In true totalitarian fashion, CRT denies the importance (or even the meaningful existence) of individual rights and freedoms and reduces all people to mere members of identity groups. It demands that every aspect of society and every human interaction be constantly scrutinized through the lens of race, and it assumes the presence of racism in every situation without exception. And, according to CRT doctrine, anyone who challenges or questions any aspect of CRT does so only to protect and preserve racial privilege and systemically racist institutions.

CRT quickly picked up traction on American college campuses until it became almost universally accepted as the only legitimate way of addressing and analyzing racial issues. And in the past several years (in case you haven’t noticed), CRT has broken out into mainstream American society and culture in a really big way.

This ideology and its terminology are everywhere now. It’s in education at all levels. It has been incorporated into the language of government, politics, law, business, and almost every field of learning. It’s the main engine driving identity politics, and far too many politicians, corporate leaders, and major media figures are either aggressively pushing or timidly bowing to this stuff.

 Forgive me for wanton hyperbole, but CRT seems to be taking over the world. And if this twisted, deeply cynical way of looking at people and society is going to be resisted, that window for resistance appears to be closing fast.

But I’m not asking anyone to just take my word regarding CRT. I strongly encourage everyone, especially those working in the field of education, to do some research on their own and look deeper than the standard media narratives and all the propaganda floating around out there. But be careful. Reading CRT literature can tie your brain up in a knot. This stuff is highly manipulative, and it’s intentionally designed to leverage your own good intentions against you.

Dr. James Lindsay and Art Keller have provided some valuable insights into CRT that can probably still be found on the internet. And go online and check out what is currently being taught to students as young as kindergarten age in the Buffalo Public School System.

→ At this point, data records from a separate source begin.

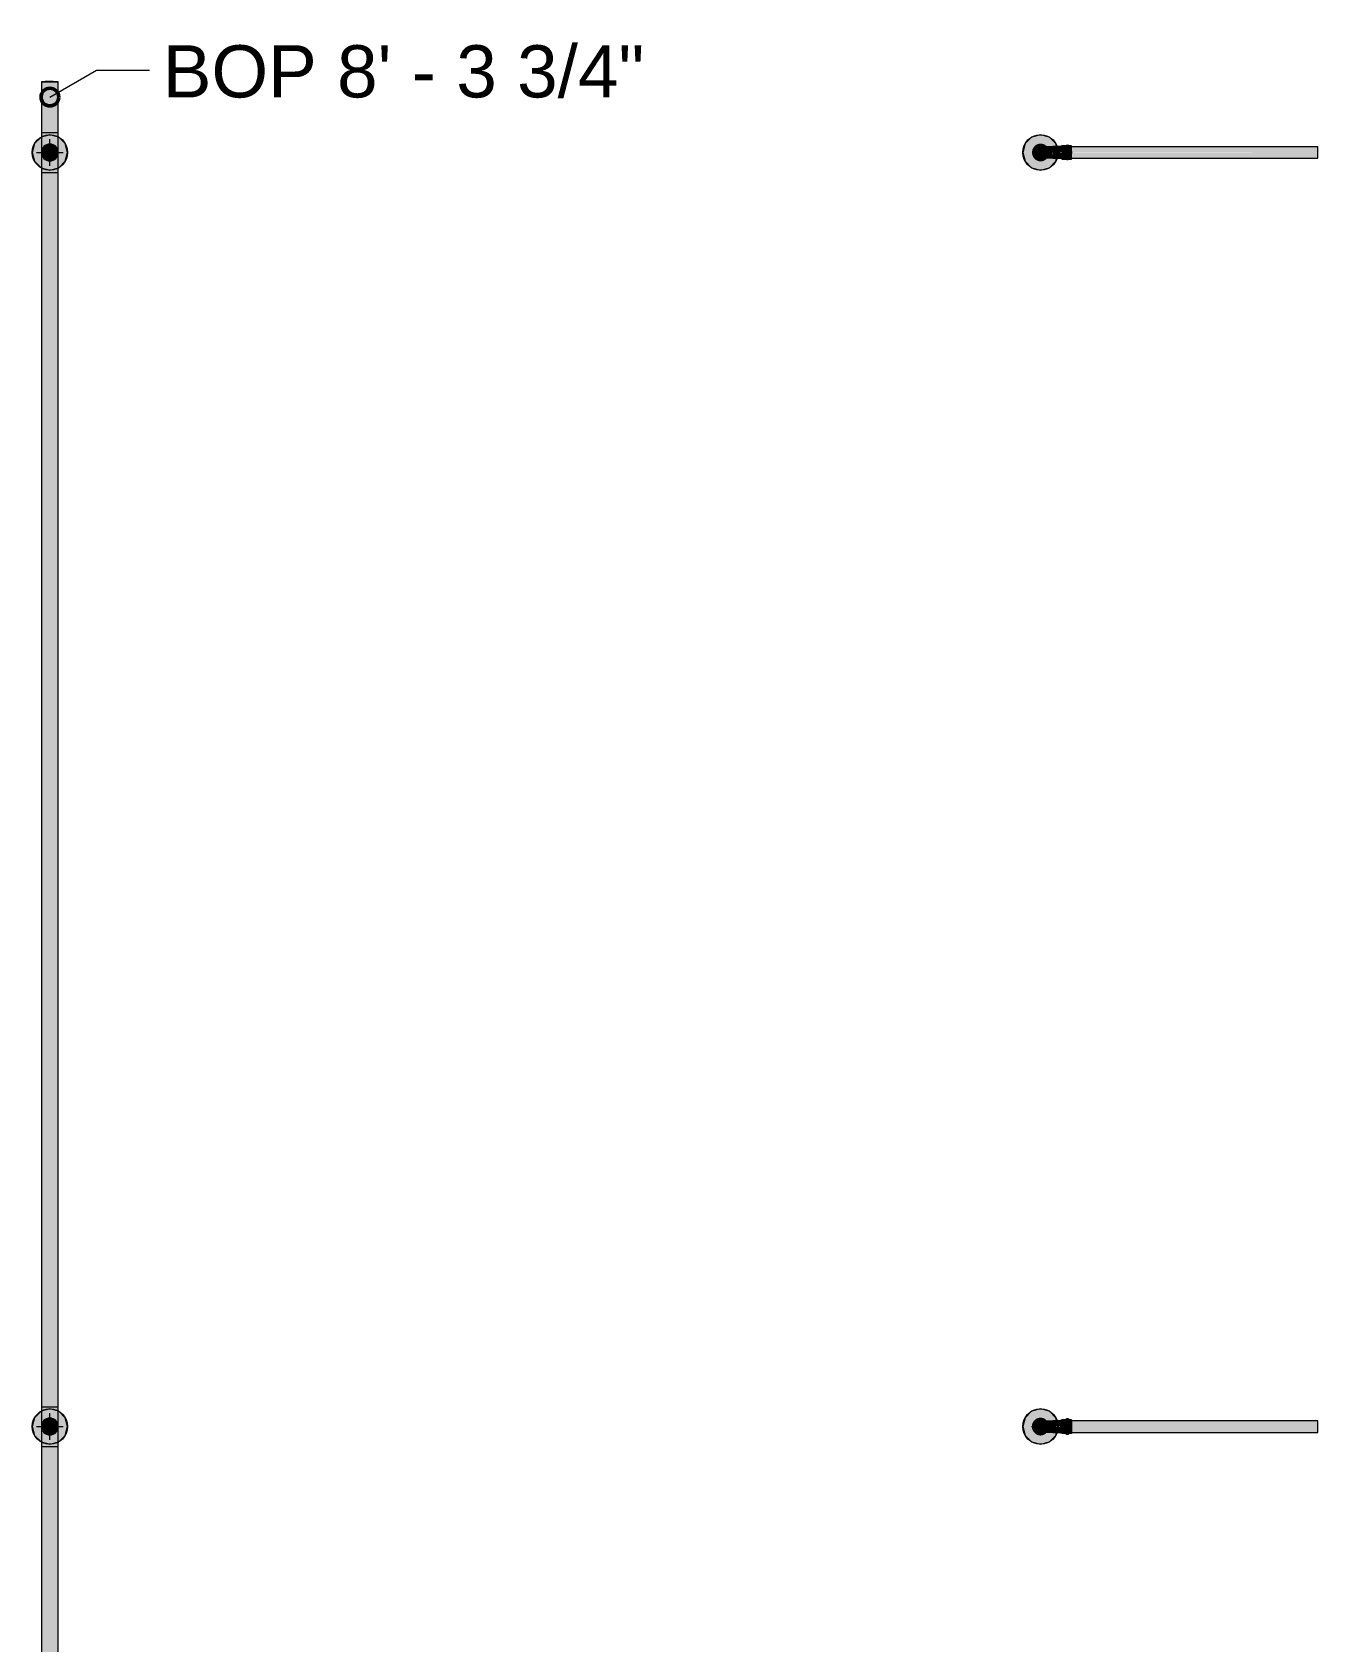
# Model space of a CAD drawing. Header units: inches. Extents: x -3385 to 41, y 7 to 1342.
# Drawn here: x -846 to -700.6, y 755.4 to 937.3 of the extents above; entities that cross this region are included whole.
import ezdxf

# ---------------------------------------------------------------- set-up
doc = ezdxf.new("R2010")
doc.units = ezdxf.units.IN
doc.header["$MEASUREMENT"] = 0
for name, color, linetype, lineweight in [('A-ANNO-NOTE', 131, 'Continuous', 9), ('G-ANNO-DIMS', 111, 'Continuous', 9), ('P-PIPE', 3, 'Continuous', 9), ('P-PIPE-CNTR', 3, 'Continuous', 9)]:
    doc.layers.add(name, color=color, linetype=linetype, lineweight=lineweight)
doc.styles.add('Arial', font='arial.ttf', dxfattribs={"height": 5.901198})

# ---------------------------------------------------------------- blocks, each defined once
blk = doc.blocks.new('Victaulic-VicPress316-Elbow 90-45deg Style P568_P571 - Standard-1198897-LOWER PARKING')
at = {"layer": 'P-PIPE'}
h = blk.add_hatch(color=256, dxfattribs=at)
h.paths.add_polyline_path([(-732.91, 779.74), (-732.77, 779.74), (-732.77, 779.74), (-732.54, 780.28), (-732, 780.51), (-731.46, 780.28), (-731.23, 779.74), (-731.09, 779.74), (-731.1, 779.91), (-731.16, 780.09), (-731.33, 780.36), (-731.53, 780.52), (-731.67, 780.59), (-731.84, 780.64), (-732.02, 780.65), (-732.18, 780.6), (-732.33, 780.59), (-732.54, 780.47), (-732.67, 780.36), (-732.85, 780.07), (-732.9, 779.91)], flags=0)
h.paths.add_polyline_path([(-731.23, 779.74), (-731.23, 779.74), (-731.23, 779.91)], flags=0)
for points in [[(-732.77, 779.74), (-732.66, 779.74), (-732.64, 779.91), (-732.57, 780.07), (-732.46, 780.21), (-732.33, 780.31), (-732.17, 780.38), (-732, 780.4), (-731.83, 780.38), (-731.67, 780.31), (-731.53, 780.21), (-731.43, 780.07), (-731.36, 779.91), (-731.34, 779.74), (-731.23, 779.74), (-731.46, 780.28), (-732, 780.51), (-732.54, 780.28), (-732.72, 779.84)], [(-729.78, 779.74), (-729.56, 779.74), (-729.56, 780.51), (-729.64, 780.5), (-729.78, 780.4), (-729.75, 780.36), (-729.76, 780.27), (-729.77, 780.2), (-729.76, 780.16), (-729.76, 779.97), (-729.76, 779.86), (-729.78, 779.74)], [(-729.56, 779.74), (-729.11, 779.74), (-729.11, 780.51), (-729.56, 780.5), (-729.56, 779.86)], [(-729.11, 779.74), (-728.82, 779.74), (-728.82, 780.51), (-728.87, 780.61), (-728.96, 780.65), (-729.06, 780.59), (-729.11, 780.51), (-729.11, 779.88)], [(-728.82, 779.74), (-728.48, 779.74), (-728.48, 780.51), (-728.82, 780.5), (-728.82, 779.88)], [(-731.98, 778.83), (-731.82, 778.88), (-731.67, 778.89), (-731.46, 779.01), (-731.33, 779.12), (-731.15, 779.41), (-731.16, 779.74), (-731.23, 779.74), (-731.46, 779.2), (-732, 778.98), (-732.54, 779.2), (-732.77, 779.74), (-732.84, 779.74), (-732.85, 779.41), (-732.67, 779.12), (-732.46, 778.96), (-732.33, 778.89), (-732.16, 778.85)], [(-732, 778.98), (-731.46, 779.2), (-731.23, 779.74), (-731.34, 779.74), (-731.36, 779.57), (-731.43, 779.41), (-731.54, 779.27), (-731.67, 779.17), (-731.83, 779.11), (-732, 779.09), (-732.17, 779.11), (-732.33, 779.17), (-732.46, 779.28), (-732.57, 779.41), (-732.64, 779.57), (-732.66, 779.74), (-732.77, 779.74), (-732.54, 779.2), (-732, 778.98)], [(-730.89, 779.08), (-730.61, 779.09), (-730.62, 779.74), (-731.16, 779.74), (-731.16, 779.39), (-731.33, 779.12), (-731.38, 779.08), (-731.03, 779.08)], [(-730.62, 779.74), (-730.61, 779.74), (-730.61, 780.4), (-731.36, 780.39), (-731.3, 780.32), (-731.15, 780.07), (-731.1, 779.89), (-731.09, 779.74), (-730.74, 779.74)], [(-730.61, 779.74), (-729.78, 779.76), (-729.75, 779.92), (-729.76, 780.1), (-729.76, 780.17), (-729.78, 780.21), (-729.75, 780.32), (-729.75, 780.38), (-729.78, 780.4), (-730.61, 780.39), (-730.61, 779.86)], [(-730.61, 779.08), (-729.76, 779.1), (-729.74, 779.11), (-729.76, 779.23), (-729.77, 779.28), (-729.76, 779.31), (-729.76, 779.51), (-729.75, 779.58), (-729.78, 779.74), (-730.61, 779.74), (-730.61, 779.09)], [(-729.56, 778.98), (-729.56, 778.99), (-729.56, 779.74), (-729.78, 779.73), (-729.75, 779.57), (-729.76, 779.39), (-729.76, 779.31), (-729.78, 779.27), (-729.75, 779.15), (-729.75, 779.1), (-729.78, 779.08), (-729.7, 779.02), (-729.62, 778.99)], [(-729.56, 778.98), (-729.11, 778.99), (-729.11, 779.74), (-729.56, 779.74), (-729.56, 778.99)], [(-728.96, 778.83), (-728.86, 778.89), (-728.82, 778.98), (-728.82, 779.74), (-729.11, 779.74), (-729.11, 778.98), (-729.06, 778.88), (-729, 778.85)]]:
    blk.add_hatch(color=256, dxfattribs=at).paths.add_polyline_path(points, flags=0)
h = blk.add_hatch(color=256, dxfattribs=at)
h.paths.add_polyline_path([(-728.82, 778.98), (-728.48, 778.98), (-728.48, 779.14), (-728.82, 779.14), (-728.82, 779.02)], flags=0)
h.paths.add_polyline_path([(-728.82, 779.14), (-728.48, 779.14), (-728.48, 779.74), (-728.82, 779.74), (-728.82, 779.2)], flags=0)
for p, q in [((-729.11, 780.51), (-729.56, 780.51)), ((-728.48, 780.51), (-728.82, 780.51)), ((-732.7, 779.42), (-732.7, 779.42)), ((-732.7, 779.42), (-732.7, 779.42)), ((-732.6, 779.47), (-732.6, 779.47)), ((-732, 780.4), (-732, 780.4)), ((-731.4, 780.02), (-731.4, 780.02)), ((-731.3, 780.06), (-731.3, 780.06)), ((-731.3, 780.06), (-731.3, 780.06)), ((-729.72, 780.4), (-730.61, 780.4)), ((-730.61, 779.08), (-729.71, 779.08)), ((-729.56, 778.98), (-729.11, 778.98)), ((-728.82, 778.98), (-728.48, 778.98))]:
    blk.add_line(p, q, dxfattribs=at)
at = {"layer": 'P-PIPE', "flags": 128}
for points in [[(-731.09, 779.74), (-731.09, 779.78), (-731.09, 779.82), (-731.09, 779.85), (-731.1, 779.89), (-731.11, 779.92), (-731.11, 779.96), (-731.12, 779.99), (-731.13, 780.03), (-731.15, 780.06), (-731.16, 780.1), (-731.17, 780.13), (-731.19, 780.16), (-731.21, 780.2), (-731.23, 780.23), (-731.25, 780.26), (-731.27, 780.29), (-731.29, 780.32), (-731.31, 780.34), (-731.34, 780.37), (-731.36, 780.4), (-731.39, 780.42), (-731.42, 780.45), (-731.45, 780.47), (-731.48, 780.49), (-731.51, 780.51), (-731.54, 780.53), (-731.57, 780.55), (-731.6, 780.56), (-731.64, 780.58), (-731.67, 780.59), (-731.7, 780.6), (-731.74, 780.62), (-731.77, 780.63), (-731.81, 780.63), (-731.84, 780.64), (-731.88, 780.65), (-731.92, 780.65), (-731.95, 780.65), (-731.99, 780.65), (-732.03, 780.65), (-732.06, 780.65), (-732.1, 780.65), (-732.14, 780.64), (-732.17, 780.64), (-732.21, 780.63), (-732.24, 780.62), (-732.28, 780.61), (-732.31, 780.6), (-732.35, 780.59), (-732.38, 780.57), (-732.41, 780.56), (-732.44, 780.54), (-732.48, 780.52), (-732.51, 780.5), (-732.54, 780.48), (-732.57, 780.46), (-732.59, 780.43), (-732.62, 780.41), (-732.65, 780.38), (-732.67, 780.36), (-732.7, 780.33), (-732.72, 780.3), (-732.74, 780.27), (-732.76, 780.24), (-732.78, 780.21), (-732.8, 780.18), (-732.82, 780.15), (-732.83, 780.12), (-732.85, 780.08), (-732.86, 780.05), (-732.87, 780.01), (-732.88, 779.98), (-732.89, 779.94), (-732.9, 779.91), (-732.9, 779.87), (-732.91, 779.83), (-732.91, 779.8), (-732.91, 779.76), (-732.91, 779.74)], [(-729.78, 780.4), (-729.77, 780.41), (-729.76, 780.42), (-729.76, 780.42), (-729.75, 780.43), (-729.74, 780.44), (-729.73, 780.45), (-729.73, 780.45), (-729.72, 780.46), (-729.71, 780.47), (-729.7, 780.47), (-729.69, 780.48), (-729.68, 780.48), (-729.67, 780.49), (-729.66, 780.49), (-729.65, 780.49), (-729.64, 780.5), (-729.63, 780.5), (-729.62, 780.5), (-729.61, 780.5), (-729.6, 780.51), (-729.58, 780.51), (-729.57, 780.51), (-729.56, 780.51), (-729.56, 780.51)], [(-729.11, 780.51), (-729.11, 780.51), (-729.11, 780.52), (-729.11, 780.53), (-729.11, 780.53), (-729.11, 780.54), (-729.11, 780.54), (-729.1, 780.55), (-729.1, 780.55), (-729.1, 780.56), (-729.1, 780.57), (-729.1, 780.57), (-729.09, 780.58), (-729.09, 780.58), (-729.09, 780.59), (-729.08, 780.59), (-729.08, 780.6), (-729.08, 780.6), (-729.07, 780.6), (-729.07, 780.61), (-729.07, 780.61), (-729.06, 780.62), (-729.06, 780.62), (-729.05, 780.62), (-729.05, 780.63), (-729.04, 780.63), (-729.04, 780.63), (-729.03, 780.64), (-729.03, 780.64), (-729.02, 780.64), (-729.02, 780.64), (-729.01, 780.65), (-729.01, 780.65), (-729, 780.65), (-728.99, 780.65), (-728.99, 780.65), (-728.98, 780.65), (-728.98, 780.65), (-728.97, 780.65), (-728.97, 780.65), (-728.96, 780.65), (-728.95, 780.65), (-728.95, 780.65), (-728.94, 780.65), (-728.94, 780.65), (-728.93, 780.65), (-728.93, 780.65), (-728.92, 780.65), (-728.91, 780.65), (-728.91, 780.64), (-728.9, 780.64), (-728.9, 780.64), (-728.89, 780.64), (-728.89, 780.63), (-728.88, 780.63), (-728.88, 780.63), (-728.87, 780.62), (-728.87, 780.62), (-728.86, 780.62), (-728.86, 780.61), (-728.86, 780.61), (-728.85, 780.6), (-728.85, 780.6), (-728.85, 780.59), (-728.84, 780.59), (-728.84, 780.58), (-728.84, 780.58), (-728.83, 780.57), (-728.83, 780.57), (-728.83, 780.56), (-728.83, 780.56), (-728.82, 780.55), (-728.82, 780.55), (-728.82, 780.54), (-728.82, 780.53), (-728.82, 780.53), (-728.82, 780.52), (-728.82, 780.52), (-728.82, 780.51), (-728.82, 780.51)], [(-729.11, 780.47), (-729.11, 780.48), (-729.11, 780.48), (-729.11, 780.49), (-729.11, 780.5), (-729.11, 780.5), (-729.11, 780.51), (-729.11, 780.51), (-729.11, 780.51), (-729.11, 780.51)], [(-729.11, 780.51), (-729.11, 780.51), (-729.11, 780.51), (-729.11, 780.5), (-729.11, 780.5), (-729.11, 780.49), (-729.11, 780.49), (-729.11, 780.48), (-729.11, 780.47), (-729.11, 780.46), (-729.11, 780.45), (-729.11, 780.44), (-729.11, 780.42), (-729.11, 780.41), (-729.11, 780.39), (-729.11, 780.37), (-729.11, 780.36), (-729.11, 780.34), (-729.11, 780.32), (-729.11, 780.3), (-729.11, 780.28), (-729.11, 780.25), (-729.11, 780.23), (-729.11, 780.21), (-729.11, 780.18), (-729.11, 780.16), (-729.11, 780.13), (-729.11, 780.1), (-729.11, 780.08), (-729.11, 780.05), (-729.11, 780.02), (-729.11, 779.99), (-729.11, 779.96), (-729.11, 779.93), (-729.11, 779.9), (-729.11, 779.87), (-729.11, 779.84), (-729.11, 779.81), (-729.11, 779.78), (-729.11, 779.75), (-729.11, 779.74)], [(-728.82, 779.74), (-728.82, 779.77), (-728.82, 779.8), (-728.82, 779.83), (-728.82, 779.86), (-728.82, 779.89), (-728.82, 779.92), (-728.82, 779.95), (-728.82, 779.98), (-728.82, 780.01), (-728.82, 780.04), (-728.82, 780.07), (-728.82, 780.1), (-728.82, 780.12), (-728.82, 780.15), (-728.82, 780.18), (-728.82, 780.2), (-728.82, 780.22), (-728.82, 780.25), (-728.82, 780.27), (-728.82, 780.29), (-728.82, 780.31), (-728.82, 780.33), (-728.82, 780.35), (-728.82, 780.37), (-728.82, 780.39), (-728.82, 780.4), (-728.82, 780.42), (-728.82, 780.43), (-728.82, 780.44), (-728.82, 780.46), (-728.82, 780.47), (-728.82, 780.48), (-728.82, 780.48), (-728.82, 780.49), (-728.82, 780.5), (-728.82, 780.5), (-728.82, 780.51), (-728.82, 780.51), (-728.82, 780.51), (-728.82, 780.51)], [(-728.82, 780.51), (-728.82, 780.51), (-728.82, 780.51), (-728.82, 780.5), (-728.82, 780.5), (-728.82, 780.49), (-728.82, 780.49), (-728.82, 780.48), (-728.82, 780.47)], [(-732.91, 779.74), (-732.91, 779.71), (-732.91, 779.67), (-732.91, 779.63), (-732.9, 779.6), (-732.89, 779.56), (-732.89, 779.53), (-732.88, 779.49), (-732.87, 779.46), (-732.85, 779.42), (-732.84, 779.39), (-732.82, 779.35), (-732.81, 779.32), (-732.79, 779.29), (-732.77, 779.26), (-732.75, 779.23), (-732.73, 779.2), (-732.71, 779.17), (-732.69, 779.14), (-732.66, 779.11), (-732.64, 779.09), (-732.61, 779.06), (-732.58, 779.04), (-732.55, 779.02), (-732.52, 779), (-732.49, 778.97), (-732.46, 778.96), (-732.43, 778.94), (-732.4, 778.92), (-732.36, 778.91), (-732.33, 778.89), (-732.3, 778.88), (-732.26, 778.87), (-732.23, 778.86), (-732.19, 778.85), (-732.15, 778.84), (-732.12, 778.84), (-732.08, 778.83), (-732.05, 778.83), (-732.01, 778.83), (-731.97, 778.83), (-731.94, 778.83), (-731.9, 778.84), (-731.86, 778.84), (-731.83, 778.85), (-731.79, 778.85), (-731.76, 778.86), (-731.72, 778.87), (-731.69, 778.89), (-731.65, 778.9), (-731.62, 778.91), (-731.59, 778.93), (-731.56, 778.95), (-731.52, 778.96), (-731.49, 778.98), (-731.46, 779.01), (-731.43, 779.03), (-731.41, 779.05), (-731.38, 779.07), (-731.35, 779.1), (-731.33, 779.13), (-731.3, 779.15), (-731.28, 779.18), (-731.26, 779.21), (-731.24, 779.24), (-731.22, 779.27), (-731.2, 779.3), (-731.18, 779.34), (-731.17, 779.37), (-731.15, 779.4), (-731.14, 779.44), (-731.13, 779.47), (-731.12, 779.51), (-731.11, 779.54), (-731.1, 779.58), (-731.1, 779.61), (-731.09, 779.65), (-731.09, 779.69), (-731.09, 779.72), (-731.09, 779.74)], [(-732, 779.08), (-732, 779.08), (-732, 779.08)], [(-730.61, 779.08), (-730.66, 779.08), (-730.72, 779.08), (-730.77, 779.08), (-730.83, 779.08), (-730.88, 779.08), (-730.94, 779.08), (-730.99, 779.08), (-731.04, 779.08), (-731.1, 779.08), (-731.15, 779.08), (-731.2, 779.08), (-731.25, 779.08), (-731.3, 779.08), (-731.35, 779.08), (-731.38, 779.08)], [(-731.37, 780.4), (-731.36, 780.4), (-731.31, 780.4), (-731.26, 780.4), (-731.21, 780.4), (-731.16, 780.4), (-731.11, 780.4), (-731.06, 780.4), (-731.01, 780.4), (-730.95, 780.4), (-730.9, 780.4), (-730.84, 780.4), (-730.79, 780.4), (-730.73, 780.4), (-730.68, 780.4), (-730.62, 780.4), (-730.61, 780.4)], [(-729.56, 778.98), (-729.57, 778.98), (-729.58, 778.98), (-729.59, 778.98), (-729.6, 778.98), (-729.61, 778.98), (-729.63, 778.98), (-729.64, 778.99), (-729.65, 778.99), (-729.66, 778.99), (-729.67, 779), (-729.68, 779), (-729.69, 779.01), (-729.7, 779.01), (-729.71, 779.02), (-729.71, 779.02), (-729.72, 779.03), (-729.73, 779.04), (-729.74, 779.04), (-729.75, 779.05), (-729.76, 779.06), (-729.76, 779.07), (-729.77, 779.07), (-729.78, 779.08), (-729.78, 779.08)], [(-729.11, 779.74), (-729.11, 779.71), (-729.11, 779.68), (-729.11, 779.65), (-729.11, 779.62), (-729.11, 779.59), (-729.11, 779.56), (-729.11, 779.53), (-729.11, 779.5), (-729.11, 779.47), (-729.11, 779.44), (-729.11, 779.42), (-729.11, 779.39), (-729.11, 779.36), (-729.11, 779.34), (-729.11, 779.31), (-729.11, 779.28), (-729.11, 779.26), (-729.11, 779.24), (-729.11, 779.21), (-729.11, 779.19), (-729.11, 779.17), (-729.11, 779.15), (-729.11, 779.13), (-729.11, 779.11), (-729.11, 779.1), (-729.11, 779.08), (-729.11, 779.07), (-729.11, 779.05), (-729.11, 779.04), (-729.11, 779.03), (-729.11, 779.02), (-729.11, 779.01), (-729.11, 779), (-729.11, 778.99), (-729.11, 778.99), (-729.11, 778.98), (-729.11, 778.98), (-729.11, 778.98), (-729.11, 778.98), (-729.11, 778.98)], [(-729.11, 778.98), (-729.11, 778.98), (-729.11, 778.98), (-729.11, 778.98), (-729.11, 778.99), (-729.11, 778.99), (-729.11, 779), (-729.11, 779.01), (-729.11, 779.01)], [(-728.82, 778.98), (-728.82, 778.97), (-728.82, 778.96), (-728.82, 778.96), (-728.82, 778.95), (-728.82, 778.95), (-728.82, 778.94), (-728.82, 778.94), (-728.83, 778.93), (-728.83, 778.92), (-728.83, 778.92), (-728.83, 778.91), (-728.83, 778.91), (-728.84, 778.9), (-728.84, 778.9), (-728.84, 778.89), (-728.85, 778.89), (-728.85, 778.88), (-728.85, 778.88), (-728.86, 778.88), (-728.86, 778.87), (-728.87, 778.87), (-728.87, 778.86), (-728.88, 778.86), (-728.88, 778.86), (-728.89, 778.85), (-728.89, 778.85), (-728.9, 778.85), (-728.9, 778.84), (-728.91, 778.84), (-728.91, 778.84), (-728.92, 778.84), (-728.92, 778.84), (-728.93, 778.83), (-728.93, 778.83), (-728.94, 778.83), (-728.94, 778.83), (-728.95, 778.83), (-728.96, 778.83), (-728.96, 778.83), (-728.97, 778.83), (-728.97, 778.83), (-728.98, 778.83), (-728.99, 778.83), (-728.99, 778.83), (-729, 778.83), (-729, 778.84), (-729.01, 778.84), (-729.01, 778.84), (-729.02, 778.84), (-729.02, 778.84), (-729.03, 778.85), (-729.03, 778.85), (-729.04, 778.85), (-729.04, 778.85), (-729.05, 778.86), (-729.05, 778.86), (-729.06, 778.87), (-729.06, 778.87), (-729.07, 778.87), (-729.07, 778.88), (-729.07, 778.88), (-729.08, 778.89), (-729.08, 778.89), (-729.09, 778.9), (-729.09, 778.9), (-729.09, 778.91), (-729.09, 778.91), (-729.1, 778.92), (-729.1, 778.92), (-729.1, 778.93), (-729.1, 778.93), (-729.1, 778.94), (-729.11, 778.94), (-729.11, 778.95), (-729.11, 778.96), (-729.11, 778.96), (-729.11, 778.97), (-729.11, 778.97), (-729.11, 778.98)], [(-728.82, 778.98), (-728.82, 778.98), (-728.82, 778.98), (-728.82, 778.98), (-728.82, 778.99), (-728.82, 778.99), (-728.82, 779), (-728.82, 779.01), (-728.82, 779.01), (-728.82, 779.02), (-728.82, 779.04), (-728.82, 779.05), (-728.82, 779.06), (-728.82, 779.08), (-728.82, 779.09), (-728.82, 779.11), (-728.82, 779.13), (-728.82, 779.15), (-728.82, 779.17), (-728.82, 779.19), (-728.82, 779.21), (-728.82, 779.23), (-728.82, 779.25), (-728.82, 779.28), (-728.82, 779.3), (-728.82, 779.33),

And you might take the time to read some of the writings of the late Wyatt Tee Walker, a hero of the Civil Rights Movement, who late in his life was outspoken in his opposition to CRT. Walker recognized that the central premises of CRT cannot be reconciled with Dr. Martin Luther King’s dream that all people should be judged by the content of their character, rather than the color of their skin.

Critical Race Theory, on the other hand, puts little to no emphasis on character and elevates racial identity as the only thing that really matters. And that, in my view, is the very definition of racism.